TASK GOAL | In the records that follow, find the line with "Rate Transition3 : RateTransition"; from there, retype every line exactly through the line with "vdc25 : ModelReference", which also belongs to the answer.

DATA FOR THIS TASK |
_ _ _ _ _
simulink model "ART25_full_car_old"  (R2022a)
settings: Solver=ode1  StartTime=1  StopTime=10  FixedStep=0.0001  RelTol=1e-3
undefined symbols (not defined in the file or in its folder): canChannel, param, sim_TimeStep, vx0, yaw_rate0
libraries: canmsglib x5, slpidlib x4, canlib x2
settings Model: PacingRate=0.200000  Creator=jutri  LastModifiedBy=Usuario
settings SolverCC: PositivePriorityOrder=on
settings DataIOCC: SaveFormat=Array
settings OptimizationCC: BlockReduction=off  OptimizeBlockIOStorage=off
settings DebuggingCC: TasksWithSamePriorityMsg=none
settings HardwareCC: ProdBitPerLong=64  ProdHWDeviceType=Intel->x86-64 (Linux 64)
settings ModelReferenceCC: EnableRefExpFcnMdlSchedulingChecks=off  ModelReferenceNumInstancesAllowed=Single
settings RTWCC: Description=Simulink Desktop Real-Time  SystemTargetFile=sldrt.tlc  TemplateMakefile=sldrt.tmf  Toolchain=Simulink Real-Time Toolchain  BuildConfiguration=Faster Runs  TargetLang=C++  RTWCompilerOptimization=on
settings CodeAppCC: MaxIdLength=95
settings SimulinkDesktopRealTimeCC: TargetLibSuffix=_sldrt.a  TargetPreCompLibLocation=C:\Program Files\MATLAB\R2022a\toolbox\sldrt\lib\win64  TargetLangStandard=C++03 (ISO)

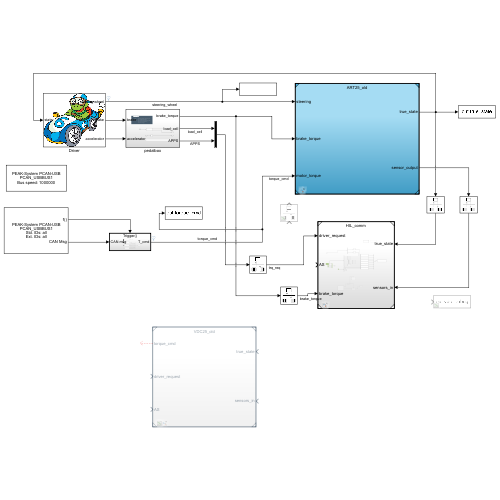
[thumbnail: Simulink's stored preview of the top-level diagram]
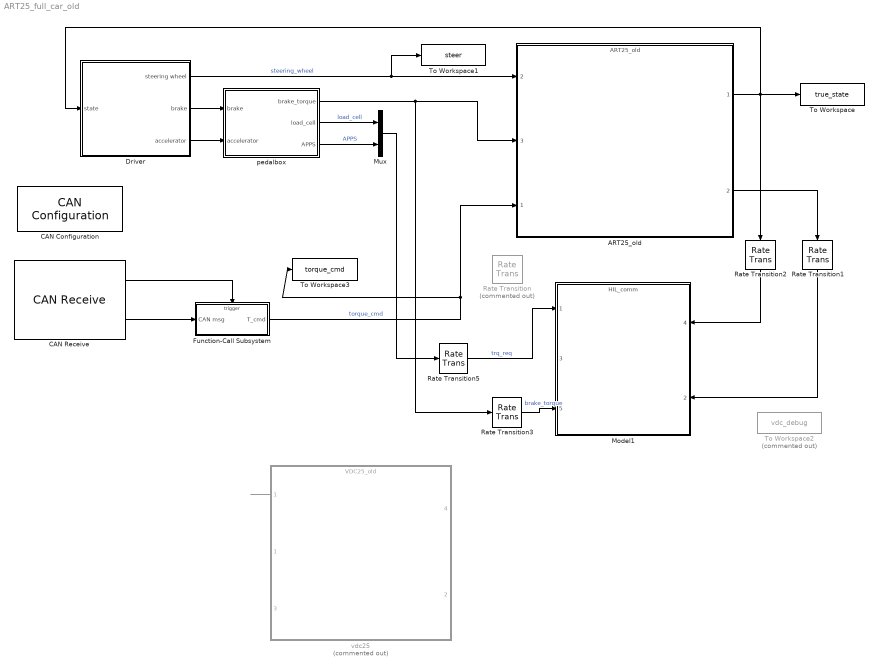
== system ART25_full_car_old ==
  ART25_old : ModelReference  ModelNameDialog=ART25_old.slx  SimulationMode=Normal  ModelReferenceVersion=1.103
      settings: PortSchema="{\"entries\":[{\"content\":{\"sides\":[{\"content\":{\"connectorIds\":[\"In2\",\"In3\",\"In1\"]},\"type\":\"ConnectorPlacement.EquallySpacedRectSide\",\"uuid\":\"34e73162-f48c-446a-824e-17dcc9cc6514\"},{\"content\":{\"connectorIds\":[\"Out1\",\"Out2\"],\"side\":\"RIGHT\"},\"type\":\"ConnectorPlacement.EquallySpacedRectSide\",\"uuid\":\"74737ed4-0958-463a-8e43-c11e4d3189aa\"},{\"content\":{\"side\":\"TOP\"},\"type\":\"ConnectorPlacement.EquallySpacedRectSide\",\"uuid\":\"42fc3775-e72e-4fbb-8cdc-9d9cf3c0f815\"}]},\"type\":\"ConnectorPlacement.EquallySpacedConnector\",\"uuid\":\"6e643428-a593-4a05-90a3-6bfae895b914\"}],\"packageUris\":[\"http://schema.mathworks.com/mf0/Connector/R2020b\"],\"version\":\"1.0\"}"
  CAN Configuration : canlib/CAN Configuration  BlockHandle=8.0004  Device=PEAK-System PCAN-USB (PCAN_USBBUS1)  DeviceMenu=PEAK-System PCAN-USB (PCAN_USBBUS1)  ObjConstructor=canChannel('PEAK-System', 'PCAN_USBBUS1')  BusSpeed=1000000  EnableBitParameters=off  AckMode=Normal
      settings: SourceProductBaseCode=VN
  CAN Receive : canlib/CAN Receive  BlockHandle=9.0004  Device=PEAK-System PCAN-USB (PCAN_USBBUS1)  DeviceMenu=PEAK-System PCAN-USB (PCAN_USBBUS1)  ObjConstructor=canChannel('PEAK-System', 'PCAN_USBBUS1')  EnableStandardIDsFilter=off  StdIDsCombo=Allow all  StandardIDs=0  EnableExtendedIDsFilter=off  ExtIDsCombo=Allow all  ExtendedIDs=0  SampleTime=sim_TimeStep  MsgsPerTimestep=all  InternalFilterUpdateStatus=on  BusOutput=off
      settings: SourceProductBaseCode=VN
  Driver : Subsystem
      mask Display: image('Driver_logo.jpeg');
  Function-Call Subsystem : Subsystem  TreatAsAtomicUnit=on
  Model1 : ModelReference  ModelNameDialog=HIL_comm.slx  SimulationMode=Normal  ModelReferenceVersion=1.270
      settings: PortSchema="{\"entries\":[{\"content\":{\"sides\":[{\"content\":{\"connectorIds\":[\"In1\",\"In3\",\"In5\"]},\"type\":\"ConnectorPlacement.EquallySpacedRectSide\",\"uuid\":\"04602d22-b9d7-40f7-b052-73f4143762fc\"},{\"content\":{\"connectorIds\":[\"In4\",\"In2\"],\"side\":\"RIGHT\"},\"type\":\"ConnectorPlacement.EquallySpacedRectSide\",\"uuid\":\"c5daacf6-0ad1-4531-a33a-b3ee5e66ed07\"},{\"content\":{\"connectorIds\":[],\"side\":\"TOP\"},\"type\":\"ConnectorPlacement.EquallySpacedRectSide\",\"uuid\":\"aa04230c-105f-45b7-b831-453931269445\"}]},\"type\":\"ConnectorPlacement.EquallySpacedConnector\",\"uuid\":\"55928aa8-a510-4f66-80b8-414931ecc3aa\"}],\"packageUris\":[\"http://schema.mathworks.com/mf0/Connector/R2020b\"],\"version\":\"1.0\"}"
  Mux : Mux  Inputs=2
  Rate Transition : RateTransition  Commented=on
  Rate Transition1 : RateTransition  Deterministic=off  OutPortSampleTime=vdc_TimeStep
  Rate Transition2 : RateTransition  OutPortSampleTime=vdc_TimeStep
  Rate Transition3 : RateTransition  OutPortSampleTime=vdc_TimeStep
  Rate Transition5 : RateTransition  OutPortSampleTime=vdc_TimeStep
  To Workspace : ToWorkspace  VariableName=true_state  SaveFormat=Structure With Time  SampleTime=-1
  To Workspace1 : ToWorkspace  VariableName=steer  SaveFormat=Structure  SampleTime=-1
  To Workspace2 : ToWorkspace  Commented=on  VariableName=vdc_debug  SaveFormat=Structure With Time  SampleTime=-1
  To Workspace3 : ToWorkspace  VariableName=torque_cmd  SaveFormat=Structure With Time  SampleTime=-1
  pedalbox : Subsystem
  vdc25 : ModelReference  Commented=on  ModelNameDialog=VDC25_old.slx  SimulationMode=Normal  ModelReferenceVersion=1.159
      settings: PortSchema="{\"entries\":[{\"content\":{\"sides\":[{\"content\":{\"connectorIds\":[\"Out1\",\"In1\",\"In3\"]},\"type\":\"ConnectorPlacement.EquallySpacedRectSide\",\"uuid\":\"da147370-b91a-4bb5-9c6b-40685e9dd617\"},{\"content\":{\"connectorIds\":[\"In4\",\"In2\"],\"side\":\"RIGHT\"},\"type\":\"ConnectorPlacement.EquallySpacedRectSide\",\"uuid\":\"d61eec38-a682-4bd1-95e6-e7fb713ea16a\"},{\"content\":{\"connectorIds\":[],\"side\":\"TOP\"},\"type\":\"ConnectorPlacement.EquallySpacedRectSide\",\"uuid\":\"c636197e-c055-4dae-9ca6-30a202bee6bf\"}]},\"type\":\"ConnectorPlacement.EquallySpacedConnector\",\"uuid\":\"636ba342-8237-45ef-8445-7b2704fdba3c\"}],\"packageUris\":[\"http://schema.mathworks.com/mf0/Connector/R2020b\"],\"version\":\"1.0\"}"
  wires:
  Driver/1(steering wheel) -> To Workspace1/1, ART25_old/2  "steering_wheel"
  ART25_old/2 -> Rate Transition1/1
  Driver/2(brake) -> pedalbox/1(brake)
  vdc25/1 -> ?
  ART25_old/1 -> Driver/1(state), Rate Transition2/1, To Workspace/1
  Driver/3(accelerator) -> pedalbox/2(accelerator)
  pedalbox/2(load_cell) -> Mux/1  "load_cell"
  pedalbox/3(APPS) -> Mux/2  "APPS"
  Rate Transition5/1 -> Model1/1  "trq_req"
  Rate Transition1/1 -> Model1/2
  Rate Transition2/1 -> Model1/4
  Mux/1 -> Rate Transition5/1
  CAN Receive/2 -> Function-Call Subsystem/1(CAN msg)
  CAN Receive/1 -> Function-Call Subsystem/Trigger
  Function-Call Subsystem/1(T_cmd) -> ART25_old/1, To Workspace3/1  "torque_cmd"
  Rate Transition3/1 -> Model1/5  "brake_torque"
  pedalbox/1(brake_torque) -> Rate Transition3/1, ART25_old/3

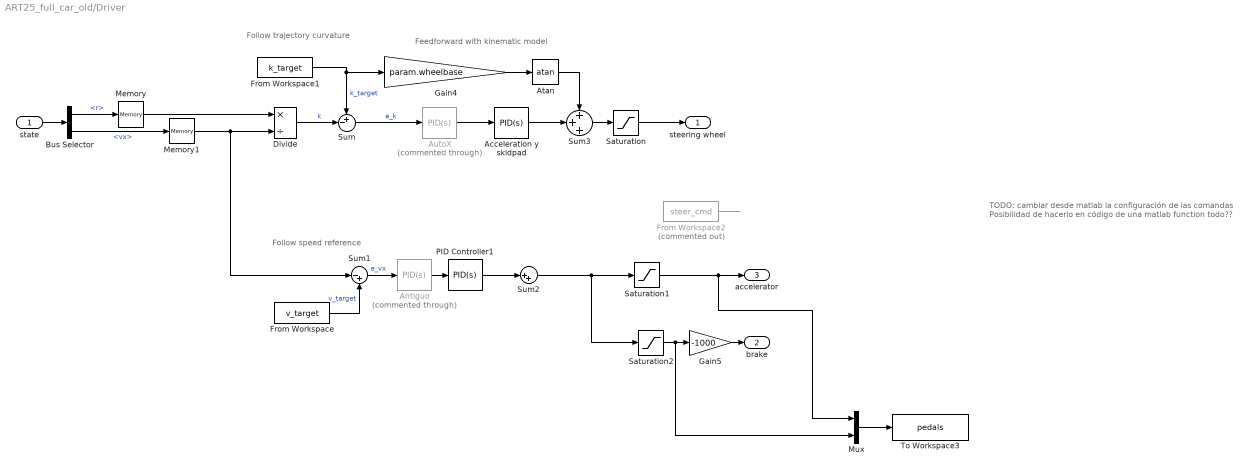
== system ART25_full_car_old/Driver ==
  note: TODO: cambiar desde matlab la configuración de las comandas
      | Posibilidad de hacerlo en código de una matlab function todo??
  note: Feedforward with kinematic model
  note: Follow trajectory curvature
  note: Follow speed reference
  state : Inport
  Acceleration y skidpad : slpidlib/PID Controller  Controller=PID  Form=Parallel  TimeDomain=Continuous-time  UseExternalTs=off  SampleTime=-1  IntegratorMethod=Forward Euler  FilterMethod=Forward Euler  ControllerParametersSource=internal  P=1  I=5  UseKiTs=off  D=0  N=1  UseFilter=on  TunerSelectOption=Transfer Function Based (PID Tuner App)  InitialConditionSource=internal  InitialConditionForIntegrator=0  InitialConditionForFilter=0  DifferentiatorICPrevScaledInput=0  ExternalReset=none  TrackingMode=off  Kt=1  LimitOutput=off  SatLimitsSource=internal  UpperSaturationLimit=inf  LowerSaturationLimit=-inf  LinearizeAsGain=on  AntiWindupMode=none  Kb=1  POutMin=[]  POutMax=[]  IOutMin=[]  IOutMax=[]  DOutMin=[]  DOutMax=[]  NOutMin=[]  NOutMax=[]  SumOutMin=[]  SumOutMax=[]  SaturationOutMin=[]  SaturationOutMax=[]  PParamMin=[]  PParamMax=[]  IParamMin=[]  IParamMax=[]  DParamMin=[]  DParamMax=[]  NParamMin=[]  NParamMax=[]  KbParamMin=[]  KbParamMax=[]  KtParamMin=[]  KtParamMax=[]  KbOutMin=[]  KbOutMax=[]  KtOutMin=[]  KtOutMax=[]  IntegratorOutMin=[]  IntegratorOutMax=[]  FilterOutMin=[]  FilterOutMax=[]  SumI1OutMin=[]  SumI1OutMax=[]  SumI2OutMin=[]  SumI2OutMax=[]  SumI3OutMin=[]  SumI3OutMax=[]  SumI4OutMin=[]  SumI4OutMax=[]  SumDOutMin=[]  SumDOutMax=[]  DifferentiatorOutMin=[]  DifferentiatorOutMax=[]  FilterDiffOutCoefMin=[]  FilterDiffOutCoefMax=[]  ReciprocalOutMin=[]  ReciprocalOutMax=[]  SumDenOutMin=[]  SumDenOutMax=[]  SumNumOutMin=[]  SumNumOutMax=[]  DivideOutMin=[]  DivideOutMax=[]  UdiffTsProdOutMin=[]  UdiffTsProdOutMax=[]  NTsProdOutMin=[]  NTsProdOutMax=[]  UintegralTsProdOutMin=[]  UintegralTsProdOutMax=[]  UngainTsProdOutMin=[]  UngainTsProdOutMax=[]  ClampingZeroOutDataTypeStr=Inherit: Inherit via back propagation  ClampingZeroOutMin=[]  ClampingZeroOutMax=[]  FilterDenConstantOutDataTypeStr=Inherit: Inherit via back propagation  FilterDenConstantOutMin=[]  FilterDenConstantOutMax=[]  PCopyOutDataTypeStr=Inherit: Inherit via back propagation  PCopyOutMin=[]  PCopyOutMax=[]  NCopyOutDataTypeStr=Inherit: Inherit via back propagation  NCopyOutMin=[]  NCopyOutMax=[]  IntegratorContinuousStateAttributes=''  IntegratorStateMustResolveToSignalObject=off  IntegratorRTWStateStorageClass=Auto  FilterContinuousStateAttributes=''  FilterStateMustResolveToSignalObject=off  FilterRTWStateStorageClass=Auto  ParallelPVariant=InternalParameters  IdealPVariant=Disabled  IVariant=InternalParameters  DVariant=InternalParameters  IntegratorVariant=Continuous  SatVariant=Disabled  AWVariant=Passthrough  PCopyVariant=Disabled  TRVariant=Disabled  FdbkBlocksVariant=Forward  IdealPFdbkVariant=Disabled  SatFdbkVariant=Disabled  DerivativeFilterVariant=ContFilter  NVariant=InternalParameters  NCopyVariant=Disabled  FilterICVariant=InternalICsFilter  IntegratorICVariant=InternalICs  ExternalResetVariant=Disabled  TRSumVariant=Passthrough  SumFdbkVariant=Disabled  SumVariant=Sum_PID  TsampFilterVariant=InternalTs  TsampNgainVariant=Passthrough  TsampIntegralVariant=Passthrough  ExternalSaturationOutDataTypeStr=Inherit: Same as second input  aMode=0
  Antiguo : slpidlib/PID Controller  Commented=through  Controller=PID  Form=Parallel  TimeDomain=Continuous-time  UseExternalTs=off  SampleTime=-1  IntegratorMethod=Forward Euler  FilterMethod=Forward Euler  ControllerParametersSource=internal  P=1  I=1  UseKiTs=off  D=0  N=10  UseFilter=on  TunerSelectOption=Transfer Function Based (PID Tuner App)  InitialConditionSource=internal  InitialConditionForIntegrator=0  InitialConditionForFilter=0  DifferentiatorICPrevScaledInput=0  ExternalReset=none  TrackingMode=off  Kt=1  LimitOutput=off  SatLimitsSource=internal  UpperSaturationLimit=inf  LowerSaturationLimit=-inf  LinearizeAsGain=on  AntiWindupMode=none  Kb=1  POutMin=[]  POutMax=[]  IOutMin=[]  IOutMax=[]  DOutMin=[]  DOutMax=[]  NOutMin=[]  NOutMax=[]  SumOutMin=[]  SumOutMax=[]  SaturationOutMin=[]  SaturationOutMax=[]  PParamMin=[]  PParamMax=[]  IParamMin=[]  IParamMax=[]  DParamMin=[]  DParamMax=[]  NParamMin=[]  NParamMax=[]  KbParamMin=[]  KbParamMax=[]  KtParamMin=[]  KtParamMax=[]  KbOutMin=[]  KbOutMax=[]  KtOutMin=[]  KtOutMax=[]  IntegratorOutMin=[]  IntegratorOutMax=[]  FilterOutMin=[]  FilterOutMax=[]  SumI1OutMin=[]  SumI1OutMax=[]  SumI2OutMin=[]  SumI2OutMax=[]  SumI3OutMin=[]  SumI3OutMax=[]  SumI4OutMin=[]  SumI4OutMax=[]  SumDOutMin=[]  SumDOutMax=[]  DifferentiatorOutMin=[]  DifferentiatorOutMax=[]  FilterDiffOutCoefMin=[]  FilterDiffOutCoefMax=[]  ReciprocalOutMin=[]  ReciprocalOutMax=[]  SumDenOutMin=[]  SumDenOutMax=[]  SumNumOutMin=[]  SumNumOutMax=[]  DivideOutMin=[]  DivideOutMax=[]  UdiffTsProdOutMin=[]  UdiffTsProdOutMax=[]  NTsProdOutMin=[]  NTsProdOutMax=[]  UintegralTsProdOutMin=[]  UintegralTsProdOutMax=[]  UngainTsProdOutMin=[]  UngainTsProdOutMax=[]  ClampingZeroOutDataTypeStr=Inherit: Inherit via back propagation  ClampingZeroOutMin=[]  ClampingZeroOutMax=[]  FilterDenConstantOutDataTypeStr=Inherit: Inherit via back propagation  FilterDenConstantOutMin=[]  FilterDenConstantOutMax=[]  PCopyOutDataTypeStr=Inherit: Inherit via back propagation  PCopyOutMin=[]  PCopyOutMax=[]  NCopyOutDataTypeStr=Inherit: Inherit via back propagation  NCopyOutMin=[]  NCopyOutMax=[]  IntegratorContinuousStateAttributes=''  IntegratorStateMustResolveToSignalObject=off  IntegratorRTWStateStorageClass=Auto  FilterContinuousStateAttributes=''  FilterStateMustResolveToSignalObject=off  FilterRTWStateStorageClass=Auto  ParallelPVariant=InternalParameters  IdealPVariant=Disabled  IVariant=InternalParameters  DVariant=InternalParameters  IntegratorVariant=Continuous  SatVariant=Disabled  AWVariant=Passthrough  PCopyVariant=Disabled  TRVariant=Disabled  FdbkBlocksVariant=Forward  IdealPFdbkVariant=Disabled  SatFdbkVariant=Disabled  DerivativeFilterVariant=ContFilter  NVariant=InternalParameters  NCopyVariant=Disabled  FilterICVariant=InternalICsFilter  IntegratorICVariant=InternalICs  ExternalResetVariant=Disabled  TRSumVariant=Passthrough  SumFdbkVariant=Disabled  SumVariant=Sum_PID  TsampFilterVariant=InternalTs  TsampNgainVariant=Passthrough  TsampIntegralVariant=Passthrough  ExternalSaturationOutDataTypeStr=Inherit: Same as second input  aMode=0
  Atan : Trigonometry  Operator=atan
  AutoX : slpidlib/PID Controller  Commented=through  Controller=PID  Form=Parallel  TimeDomain=Continuous-time  UseExternalTs=off  SampleTime=-1  IntegratorMethod=Forward Euler  FilterMethod=Forward Euler  ControllerParametersSource=internal  P=1  I=2  UseKiTs=off  D=0.4  N=500  UseFilter=on  TunerSelectOption=Transfer Function Based (PID Tuner App)  InitialConditionSource=internal  InitialConditionForIntegrator=0  InitialConditionForFilter=0  DifferentiatorICPrevScaledInput=0  ExternalReset=none  TrackingMode=off  Kt=1  LimitOutput=off  SatLimitsSource=internal  UpperSaturationLimit=inf  LowerSaturationLimit=-inf  LinearizeAsGain=on  AntiWindupMode=none  Kb=1  POutMin=[]  POutMax=[]  IOutMin=[]  IOutMax=[]  DOutMin=[]  DOutMax=[]  NOutMin=[]  NOutMax=[]  SumOutMin=[]  SumOutMax=[]  SaturationOutMin=[]  SaturationOutMax=[]  PParamMin=[]  PParamMax=[]  IParamMin=[]  IParamMax=[]  DParamMin=[]  DParamMax=[]  NParamMin=[]  NParamMax=[]  KbParamMin=[]  KbParamMax=[]  KtParamMin=[]  KtParamMax=[]  KbOutMin=[]  KbOutMax=[]  KtOutMin=[]  KtOutMax=[]  IntegratorOutMin=[]  IntegratorOutMax=[]  FilterOutMin=[]  FilterOutMax=[]  SumI1OutMin=[]  SumI1OutMax=[]  SumI2OutMin=[]  SumI2OutMax=[]  SumI3OutMin=[]  SumI3OutMax=[]  SumI4OutMin=[]  SumI4OutMax=[]  SumDOutMin=[]  SumDOutMax=[]  DifferentiatorOutMin=[]  DifferentiatorOutMax=[]  FilterDiffOutCoefMin=[]  FilterDiffOutCoefMax=[]  ReciprocalOutMin=[]  ReciprocalOutMax=[]  SumDenOutMin=[]  SumDenOutMax=[]  SumNumOutMin=[]  SumNumOutMax=[]  DivideOutMin=[]  DivideOutMax=[]  UdiffTsProdOutMin=[]  UdiffTsProdOutMax=[]  NTsProdOutMin=[]  NTsProdOutMax=[]  UintegralTsProdOutMin=[]  UintegralTsProdOutMax=[]  UngainTsProdOutMin=[]  UngainTsProdOutMax=[]  ClampingZeroOutDataTypeStr=Inherit: Inherit via back propagation  ClampingZeroOutMin=[]  ClampingZeroOutMax=[]  FilterDenConstantOutDataTypeStr=Inherit: Inherit via back propagation  FilterDenConstantOutMin=[]  FilterDenConstantOutMax=[]  PCopyOutDataTypeStr=Inherit: Inherit via back propagation  PCopyOutMin=[]  PCopyOutMax=[]  NCopyOutDataTypeStr=Inherit: Inherit via back propagation  NCopyOutMin=[]  NCopyOutMax=[]  IntegratorContinuousStateAttributes=''  IntegratorStateMustResolveToSignalObject=off  IntegratorRTWStateStorageClass=Auto  FilterContinuousStateAttributes=''  FilterStateMustResolveToSignalObject=off  FilterRTWStateStorageClass=Auto  ParallelPVariant=InternalParameters  IdealPVariant=Disabled  IVariant=InternalParameters  DVariant=InternalParameters  IntegratorVariant=Continuous  SatVariant=Disabled  AWVariant=Passthrough  PCopyVariant=Disabled  TRVariant=Disabled  FdbkBlocksVariant=Forward  IdealPFdbkVariant=Disabled  SatFdbkVariant=Disabled  DerivativeFilterVariant=ContFilter  NVariant=InternalParameters  NCopyVariant=Disabled  FilterICVariant=InternalICsFilter  IntegratorICVariant=InternalICs  ExternalResetVariant=Disabled  TRSumVariant=Passthrough  SumFdbkVariant=Disabled  SumVariant=Sum_PID  TsampFilterVariant=InternalTs  TsampNgainVariant=Passthrough  TsampIntegralVariant=Passthrough  ExternalSaturationOutDataTypeStr=Inherit: Same as second input  aMode=0
  Bus Selector : BusSelector  OutputSignals=r,vx
  Divide : Product  Inputs=*/
  From Workspace : FromWorkspace  VariableName=v_target
  From Workspace1 : FromWorkspace  VariableName=k_target
  From Workspace2 : FromWorkspace  Commented=on  VariableName=steer_cmd
  Gain4 : Gain  Gain=param.wheelbase
  Gain5 : Gain  Gain=-1000
  Memory : Memory  InitialCondition=yaw_rate0
  Memory1 : Memory  InitialCondition=vx0
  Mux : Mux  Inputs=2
_ _ _ _ _
SOLUTION TO THIS PROBLEM |
  Rate Transition3 : RateTransition  OutPortSampleTime=vdc_TimeStep
  Rate Transition5 : RateTransition  OutPortSampleTime=vdc_TimeStep
  To Workspace : ToWorkspace  VariableName=true_state  SaveFormat=Structure With Time  SampleTime=-1
  To Workspace1 : ToWorkspace  VariableName=steer  SaveFormat=Structure  SampleTime=-1
  To Workspace2 : ToWorkspace  Commented=on  VariableName=vdc_debug  SaveFormat=Structure With Time  SampleTime=-1
  To Workspace3 : ToWorkspace  VariableName=torque_cmd  SaveFormat=Structure With Time  SampleTime=-1
  pedalbox : Subsystem
  vdc25 : ModelReference  Commented=on  ModelNameDialog=VDC25_old.slx  SimulationMode=Normal  ModelReferenceVersion=1.159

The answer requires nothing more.